The Stock Market Can Cook Even When Oil Is Hot
Anybody who follows the financial media has heard pundits warn that high oil prices are bad for the stock market.
That’s not a new sentiment — I remember hearing similar tunes back in 2004, and in 1999 (when per-barrel prices more than doubled), and in 1996, all good years for stocks. Even back in my high-school and college years in the 1980s, headlines decried rising oil prices as evil.
A look at the numbers suggests many market watchers are not doing their homework. Over the last 23 years, stocks have bucked conventional wisdom — oil prices and stock prices have moved in the same direction in 57% of the last 270 rolling 12-month periods.
That statement deserves a moment to stand alone, but before you go out and buy up stocks just because oil prices are rising, consider these three points:
The relationship between oil and stock prices is far from perfect. Oil-price gains in 2002, 1994, and 1990 weren’t so friendly to stocks.
The relationship between oil and stock prices is relatively weak. The correlation coefficient between 12-month changes in oil prices and the S&P 500 is 30%. This suggests that while the two variables tend to move together, the change in one explains only about 9% of the change in the other.

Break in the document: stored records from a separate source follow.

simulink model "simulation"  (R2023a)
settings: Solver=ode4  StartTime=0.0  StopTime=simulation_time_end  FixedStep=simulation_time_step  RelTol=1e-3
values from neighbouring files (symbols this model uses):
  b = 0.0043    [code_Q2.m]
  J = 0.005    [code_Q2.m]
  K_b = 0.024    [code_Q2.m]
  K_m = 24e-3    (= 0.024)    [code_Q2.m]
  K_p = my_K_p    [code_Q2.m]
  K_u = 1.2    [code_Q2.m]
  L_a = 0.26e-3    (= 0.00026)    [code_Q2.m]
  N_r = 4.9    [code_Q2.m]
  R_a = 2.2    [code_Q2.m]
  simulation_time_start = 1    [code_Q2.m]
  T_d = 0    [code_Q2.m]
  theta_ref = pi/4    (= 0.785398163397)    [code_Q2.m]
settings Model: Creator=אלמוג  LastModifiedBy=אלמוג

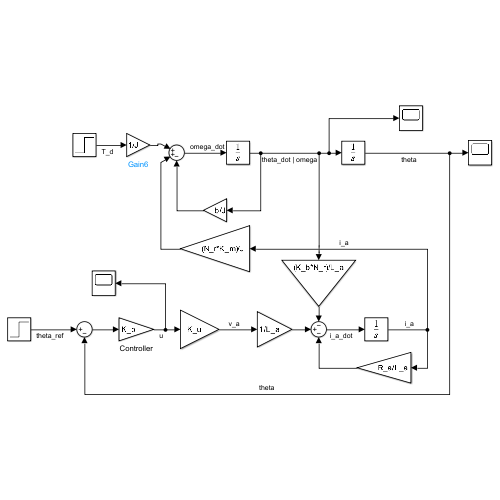
[thumbnail: Simulink's stored preview of the top-level diagram]
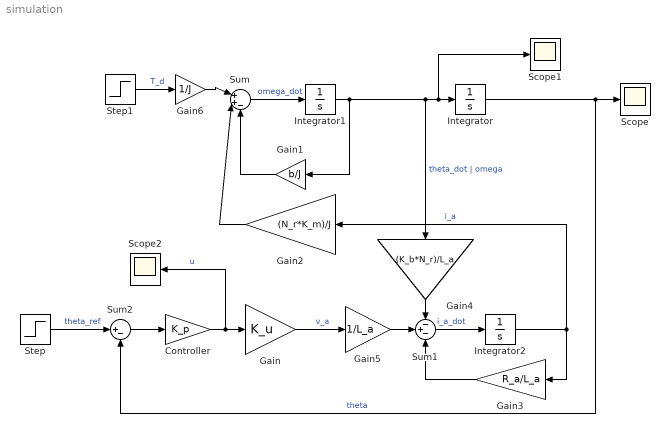
== system simulation ==
  Controller : Gain  Gain=K_p
  Gain : Gain  Gain=K_u
  Gain1 : Gain  Gain=b/J
  Gain2 : Gain  Gain=(N_r*K_m)/J
  Gain3 : Gain  Gain=R_a/L_a
  Gain4 : Gain  Gain=(K_b*N_r)/L_a
  Gain5 : Gain  Gain=1/L_a
  Gain6 : Gain  Gain=1/J
  Integrator : Integrator
  Integrator1 : Integrator
  Integrator2 : Integrator
  Scope : Scope
  Scope1 : Scope
  Scope2 : Scope
  Step : Step  Time=simulation_time_start  After=theta_ref  SampleTime=0
  Step1 : Step  Time=simulation_time_start  After=T_d  SampleTime=0
  Sum : Sum  Inputs=|++-
  Sum1 : Sum  Inputs=-+-
  Sum2 : Sum  Inputs=|+-
  wires:
  Controller/1 -> Gain/1, Scope2/1  "u"
  Gain/1 -> Gain5/1  "v_a"
  Integrator/1 -> Sum2/2, Scope/1  "theta"
  Integrator1/1 -> Integrator/1, Scope1/1, Gain4/1, Gain1/1  "theta_dot | omega"
  Sum/1 -> Integrator1/1  "omega_dot"
  Gain1/1 -> Sum/3
  Gain2/1 -> Sum/2
  Integrator2/1 -> Gain2/1, Gain3/1  "i_a"
  Sum1/1 -> Integrator2/1  "i_a_dot"
  Gain3/1 -> Sum1/3
  Gain4/1 -> Sum1/1
  Gain5/1 -> Sum1/2
  Step1/1 -> Gain6/1  "T_d"
  Gain6/1 -> Sum/1
  Sum2/1 -> Controller/1
  Step/1 -> Sum2/1  "theta_ref"

What’s good for energy can be good for business. Did the rally in oil prices from mid-2003 to mid-2007 cause the S&P 500 to increase 54% during that period? Of course not. But we shouldn’t be surprised at such parallel moves because some of the factors that keep oil prices high are good for industry as a whole. Yes, fuel represents a major cost to many businesses. But oil prices tend to rise when demand is high — and demand for oil tends to be high when business is good.
My goal here is not to advise subscribers to buy aggressively when oil prices are high. Instead, I suggest that while you should pay attention to oil prices because they tell you a lot about many facets of the market, you should not make buy or sell decisions based on them. Don’t let low oil prices get you to drooling over stocks, but also don’t let high oil prices drive you to sell. Even energy stocks, which move more closely in line with oil prices than the broader market, may be worth holding during periods of weak oil prices.
Most experts would agree that last year’s per-barrel oil prices of $120 or $150 were unsustainably high and not particularly healthy. But oil could rise quite a bit from current levels near $70 per barrel before we would consider it a danger sign for stocks.